Assignment
In the data below, how many lines contain the word "CIRCLE"? Answer with the number alone.

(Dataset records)
- Opening Delimiter -

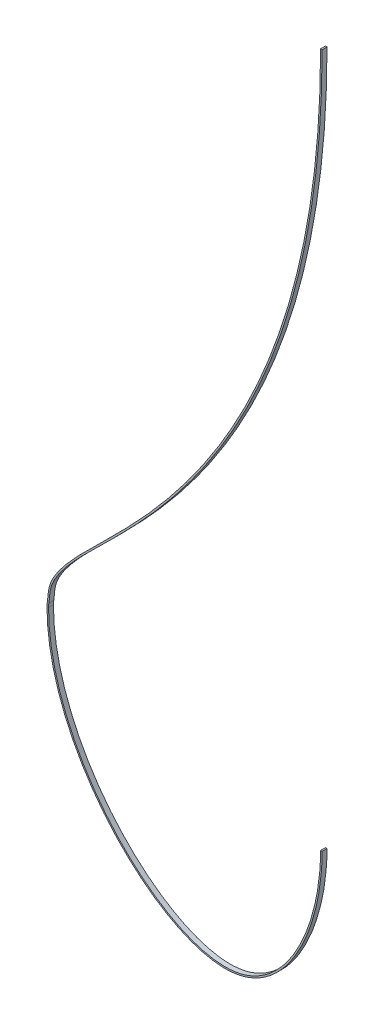
ISO-10303-21;
HEADER;
FILE_DESCRIPTION(('STEP AP214'),'2;1');
FILE_NAME('part.step','',(''),(''),'','','');
FILE_SCHEMA(('AUTOMOTIVE_DESIGN { 1 0 10303 214 1 1 1 1 }'));
ENDSEC;
DATA;
#1=APPLICATION_CONTEXT('core data for automotive mechanical design processes');
#2=APPLICATION_PROTOCOL_DEFINITION('international standard','automotive_design',2000,#1);
#3=PRODUCT_CONTEXT('',#1,'mechanical');
#4=PRODUCT('Part','Part','',(#3));
#5=PRODUCT_RELATED_PRODUCT_CATEGORY('part','',(#4));
#6=PRODUCT_DEFINITION_FORMATION('','',#4);
#7=PRODUCT_DEFINITION_CONTEXT('part definition',#1,'design');
#8=PRODUCT_DEFINITION('design','',#6,#7);
#9=PRODUCT_DEFINITION_SHAPE('','',#8);
#10=(LENGTH_UNIT() NAMED_UNIT(*) SI_UNIT(.MILLI.,.METRE.));
#11=(NAMED_UNIT(*) PLANE_ANGLE_UNIT() SI_UNIT($,.RADIAN.));
#12=(NAMED_UNIT(*) SI_UNIT($,.STERADIAN.) SOLID_ANGLE_UNIT());
#13=UNCERTAINTY_MEASURE_WITH_UNIT(LENGTH_MEASURE(1.E-05),#10,'distance_accuracy_value','');
#14=(GEOMETRIC_REPRESENTATION_CONTEXT(3) GLOBAL_UNCERTAINTY_ASSIGNED_CONTEXT((#13)) GLOBAL_UNIT_ASSIGNED_CONTEXT((#10,
#11,#12)) REPRESENTATION_CONTEXT('',''));
#15=CARTESIAN_POINT('',(0.,0.,0.));
#16=DIRECTION('',(0.,0.,1.));
#17=DIRECTION('',(1.,0.,0.));
#18=AXIS2_PLACEMENT_3D('',#15,#16,#17);
#19=CARTESIAN_POINT('',(-662.178,457.2,0.));
#20=DIRECTION('',(0.,0.,1.));
#21=DIRECTION('',(1.,0.,0.));
#22=AXIS2_PLACEMENT_3D('',#19,#20,#21);
#23=CYLINDRICAL_SURFACE('',#22,52.3875);
#24=DIRECTION('',(0.,0.,1.));
#25=VECTOR('',#24,1.);
#26=CARTESIAN_POINT('',(-713.845904547921,465.853195703148,-5.00000000000004));
#27=LINE('',#26,#25);
#28=CARTESIAN_POINT('',(-713.845904547921,465.853195703148,-5.00000000000004));
#29=VERTEX_POINT('',#28);
#30=CARTESIAN_POINT('',(-713.845904547921,465.853195703148,4.99999999999996));
#31=VERTEX_POINT('',#30);
#32=EDGE_CURVE('E129',#29,#31,#27,.T.);
#33=ORIENTED_EDGE('',*,*,#32,.F.);
#34=CARTESIAN_POINT('',(-662.178,457.2,-5.00000000000004));
#35=DIRECTION('',(0.,0.,1.));
#36=DIRECTION('',(1.,0.,0.));
#37=AXIS2_PLACEMENT_3D('',#34,#35,#36);
#38=CIRCLE('',#37,52.3875);
#39=CARTESIAN_POINT('',(-714.5655,457.199999999998,-5.00000000000004));
#40=VERTEX_POINT('',#39);
#41=EDGE_CURVE('E170',#29,#40,#38,.T.);
#42=ORIENTED_EDGE('',*,*,#41,.T.);
#43=DIRECTION('',(0.,0.,1.));
#44=VECTOR('',#43,1.);
#45=CARTESIAN_POINT('',(-714.5655,457.199999999998,-5.00000000000004));
#46=LINE('',#45,#44);
#47=CARTESIAN_POINT('',(-714.5655,457.199999999998,4.99999999999996));
#48=VERTEX_POINT('',#47);
#49=EDGE_CURVE('E166',#40,#48,#46,.T.);
#50=ORIENTED_EDGE('',*,*,#49,.T.);
#51=CARTESIAN_POINT('',(-662.178,457.2,4.99999999999996));
#52=DIRECTION('',(0.,0.,1.));
#53=DIRECTION('',(1.,0.,0.));
#54=AXIS2_PLACEMENT_3D('',#51,#52,#53);
#55=CIRCLE('',#54,52.3875);
#56=EDGE_CURVE('E77',#31,#48,#55,.T.);
#57=ORIENTED_EDGE('',*,*,#56,.F.);
#58=EDGE_LOOP('',(#33,#42,#50,#57));
#59=FACE_BOUND('',#58,.T.);
#60=ADVANCED_FACE('F69',(#59),#23,.T.);
#61=CARTESIAN_POINT('',(-662.178,457.2,0.));
#62=DIRECTION('',(0.,0.,1.));
#63=DIRECTION('',(1.,0.,0.));
#64=AXIS2_PLACEMENT_3D('',#61,#62,#63);
#65=CYLINDRICAL_SURFACE('',#64,49.2125);
#66=DIRECTION('',(0.,0.,-1.));
#67=VECTOR('',#66,1.);
#68=CARTESIAN_POINT('',(-710.714516393501,465.328759599926,-5.00000000000004));
#69=LINE('',#68,#67);
#70=CARTESIAN_POINT('',(-710.714516393501,465.328759599926,4.99999999999996));
#71=VERTEX_POINT('',#70);
#72=CARTESIAN_POINT('',(-710.714516393501,465.328759599926,-5.00000000000004));
#73=VERTEX_POINT('',#72);
#74=EDGE_CURVE('E122',#71,#73,#69,.T.);
#75=ORIENTED_EDGE('',*,*,#74,.F.);
#76=CARTESIAN_POINT('',(-662.178,457.2,4.99999999999996));
#77=DIRECTION('',(0.,0.,1.));
#78=DIRECTION('',(1.,0.,0.));
#79=AXIS2_PLACEMENT_3D('',#76,#77,#78);
#80=CIRCLE('',#79,49.2125);
#81=CARTESIAN_POINT('',(-711.3905,457.199999999998,4.99999999999996));
#82=VERTEX_POINT('',#81);
#83=EDGE_CURVE('E12',#71,#82,#80,.T.);
#84=ORIENTED_EDGE('',*,*,#83,.T.);
#85=DIRECTION('',(0.,0.,-1.));
#86=VECTOR('',#85,1.);
#87=CARTESIAN_POINT('',(-711.3905,457.199999999998,-5.00000000000004));
#88=LINE('',#87,#86);
#89=CARTESIAN_POINT('',(-711.3905,457.199999999998,-5.00000000000004));
#90=VERTEX_POINT('',#89);
#91=EDGE_CURVE('E164',#82,#90,#88,.T.);
#92=ORIENTED_EDGE('',*,*,#91,.T.);
#93=CARTESIAN_POINT('',(-662.178,457.2,-5.00000000000004));
#94=DIRECTION('',(0.,0.,1.));
#95=DIRECTION('',(1.,0.,0.));
#96=AXIS2_PLACEMENT_3D('',#93,#94,#95);
#97=CIRCLE('',#96,49.2125);
#98=EDGE_CURVE('E125',#73,#90,#97,.T.);
#99=ORIENTED_EDGE('',*,*,#98,.F.);
#100=EDGE_LOOP('',(#75,#84,#92,#99));
#101=FACE_BOUND('',#100,.T.);
#102=ADVANCED_FACE('F123',(#101),#65,.F.);
#103=CARTESIAN_POINT('',(0.,1727.2,0.));
#104=DIRECTION('',(0.,1.,0.));
#105=DIRECTION('',(0.,0.,1.));
#106=AXIS2_PLACEMENT_3D('',#103,#104,#105);
#107=PLANE('',#106);
#108=DIRECTION('',(0.,0.,-1.));
#109=VECTOR('',#108,1.);
#110=CARTESIAN_POINT('',(-150.8125,1727.2,-5.00000000000004));
#111=LINE('',#110,#109);
#112=CARTESIAN_POINT('',(-150.8125,1727.2,4.99999999999996));
#113=VERTEX_POINT('',#112);
#114=CARTESIAN_POINT('',(-150.8125,1727.2,-5.00000000000004));
#115=VERTEX_POINT('',#114);
#116=EDGE_CURVE('E133',#113,#115,#111,.T.);
#117=ORIENTED_EDGE('',*,*,#116,.T.);
#118=DIRECTION('',(-1.,0.,0.));
#119=VECTOR('',#118,1.);
#120=CARTESIAN_POINT('',(-153.9875,1727.2,-5.00000000000004));
#121=LINE('',#120,#119);
#122=CARTESIAN_POINT('',(-153.9875,1727.2,-5.00000000000004));
#123=VERTEX_POINT('',#122);
#124=EDGE_CURVE('E191',#115,#123,#121,.T.);
#125=ORIENTED_EDGE('',*,*,#124,.T.);
#126=DIRECTION('',(0.,0.,1.));
#127=VECTOR('',#126,1.);
#128=CARTESIAN_POINT('',(-153.9875,1727.2,-5.00000000000004));
#129=LINE('',#128,#127);
#130=CARTESIAN_POINT('',(-153.9875,1727.2,4.99999999999996));
#131=VERTEX_POINT('',#130);
#132=EDGE_CURVE('E187',#123,#131,#129,.T.);
#133=ORIENTED_EDGE('',*,*,#132,.T.);
#134=DIRECTION('',(1.,0.,0.));
#135=VECTOR('',#134,1.);
#136=CARTESIAN_POINT('',(-153.9875,1727.2,4.99999999999996));
#137=LINE('',#136,#135);
#138=EDGE_CURVE('E93',#131,#113,#137,.T.);
#139=ORIENTED_EDGE('',*,*,#138,.T.);
#140=EDGE_LOOP('',(#117,#125,#133,#139));
#141=FACE_BOUND('',#140,.T.);
#142=ADVANCED_FACE('F193',(#141),#107,.T.);
#143=CARTESIAN_POINT('',(-153.9875,1727.2,-5.00000000000004));
#144=DIRECTION('',(0.,0.,-1.));
#145=DIRECTION('',(1.,0.,0.));
#146=AXIS2_PLACEMENT_3D('',#143,#144,#145);
#147=PLANE('',#146);
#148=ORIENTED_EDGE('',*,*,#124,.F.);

- Closing Delimiter -

Solution for this problem
4